I also second the other comment that recommends starting with basic data
extraction rather than diving into Hadoop or Spark immediately. Sure, at some
point, you might need to process 100 billion lines of data. But in your
average business, you're far more likely to be working with thousands or
millions of records on customers, sales, orders, invoices, sales leads, etc.
That stuff doesn't need Hadoop/Spark, it needs a Postgres database and a DBA
with a good head on their shoulders keeping everything organized.

In my experience, government data sets (particularly demographics and other
geographically-related data sets) are a fantastic way to get your feet wet
with data processing. They're published by a bunch of different agencies, so
they're not necessarily conveniently available in one place. However, they
usually use standardized identifiers for geographies, which makes it easy to
join the data sets together in new and interesting ways.

For instance, here at Republic, we recently used Form 477 data on wireless
broadband availability from the FCC, data from Summary File 1 of the US
Census, and a couple of Census geographic crosswalk files to be able to
calculate the percentage of population in given zip codes and cities covered
by various wireless carriers.

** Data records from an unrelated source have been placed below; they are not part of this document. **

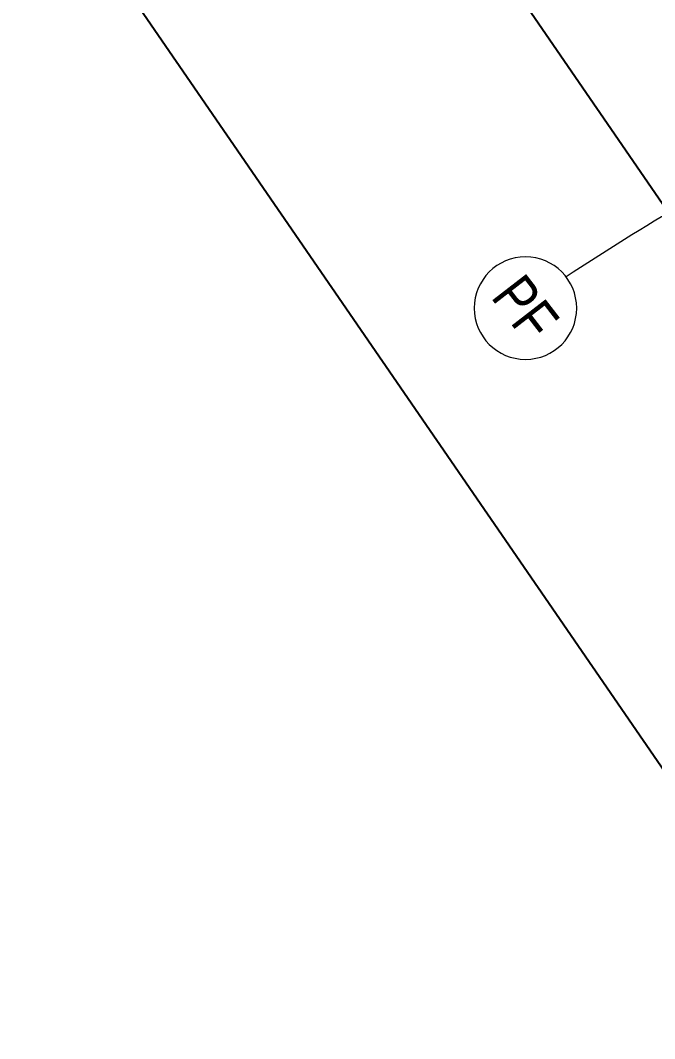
# Model space of a CAD drawing. Header units: millimetres. Extents: x 32582 to 41721, y -247935 to -234947.
# Drawn here: x 35914 to 36954, y -245826 to -244157 of the extents above; entities that cross this region are included whole.
import ezdxf
from ezdxf.enums import TextEntityAlignment as Align

# ---------------------------------------------------------------- set-up
doc = ezdxf.new("R2010")
doc.units = ezdxf.units.MM
doc.header["$LTSCALE"] = 300
doc.header["$MEASUREMENT"] = 0
doc.linetypes.add('DGN Style 4', pattern=[1.902655, 0.950733, -0.475367, 0.001188, -0.475367])
doc.linetypes.add('TDME_Fave_GRID$0$DGN Style 7', pattern=[8.330448, 3.748702, -1.66609, 1.249567, -1.66609])
for name, color, linetype, lineweight in [('G-GRID_A', 1, 'DGN Style 4', 0), ('MINORTEXT', 1, 'Continuous', 13), ('TDME_Fave_GRID$0$A-_ANOTGRID_E-', 8, 'TDME_Fave_GRID$0$DGN Style 7', 13)]:
    doc.layers.add(name, color=color, linetype=linetype, lineweight=lineweight)
doc.styles.add('TDME_Fave_GRID$0$Arial', font='arial.ttf', dxfattribs={"width": 0.8, "height": 2.5})

# ---------------------------------------------------------------- blocks, each defined once
blk = doc.blocks.new('TDME_Fave_GRID$0$(DPA) GRID No1')
at = {"layer": 'TDME_Fave_GRID$0$A-_ANOTGRID_E-', "linetype": 'Continuous'}
blk.add_circle((0, 6), 6, dxfattribs=at)
at = {"layer": 'TDME_Fave_GRID$0$A-_ANOTGRID_E-', "linetype": 'Continuous', "style": 'TDME_Fave_GRID$0$Arial', "width": 0.8, "flags": 8}
blk.add_attdef('GRIDNO', text='', height=5, dxfattribs=at).set_placement((0, 6), align=Align.MIDDLE_CENTER)

msp = doc.modelspace()

# ---------------------------------------------------------------- linework, layer by layer
at = {"layer": 'Defpoints'}
for points in [[(38913, -241789.1), (41721.3, -245871.5), (38722.3, -247934.5), (35914, -243852.2)], [(36609.1, -243936), (38743.5, -247038.7), (41035.5, -245462), (38901.1, -242359.3)]]:
    msp.add_lwpolyline(points, close=True, dxfattribs=at)
at = {"layer": 'G-GRID_A'}
msp.add_arc((39728.6, -249049.3), 5341, 84.3885, 123.1381, dxfattribs=at)

# ---------------------------------------------------------------- block references
at = {"layer": 'TDME_Fave_GRID$0$A-_ANOTGRID_E-'}
ref = msp.add_blockref('TDME_Fave_GRID$0$(DPA) GRID No1', (36808.9, -244576.9), dxfattribs=dict(at, xscale=-14, yscale=14, zscale=14, rotation=127.678566012789))
ref.add_attrib('GRIDNO', 'PF', dxfattribs={"layer": 'MINORTEXT', "linetype": 'Continuous', "height": 70, "rotation": 307.6786, "style": 'TDME_Fave_GRID$0$Arial', "width": 0.8, "flags": 8}).set_placement((36742.4, -244628.3), align=Align.MIDDLE_CENTER)

doc.saveas('drawing.dxf')

That required reading the docs for several
different data sources, automating some downloads, building database tables to
hold all of the information, and then carefully crafting some SQL to pull it
all together.

Of course, government data sets generally won't require a whole lot of
automation (they're updated yearly or less than yearly, not daily). To build
your skills on that front, I'd recommend learning to extract data from various
APIs, structure it in a meaningful way, and make it available in a database.
For example, if you have a website, set up a free Google Analytics account for
it, then build a daily ETL that extracts some meaningful information from the
Google Analytics API and stuffs it in a Postgres DB. Then see if you can build
some charts or something that sit on top of that database and report on the
information.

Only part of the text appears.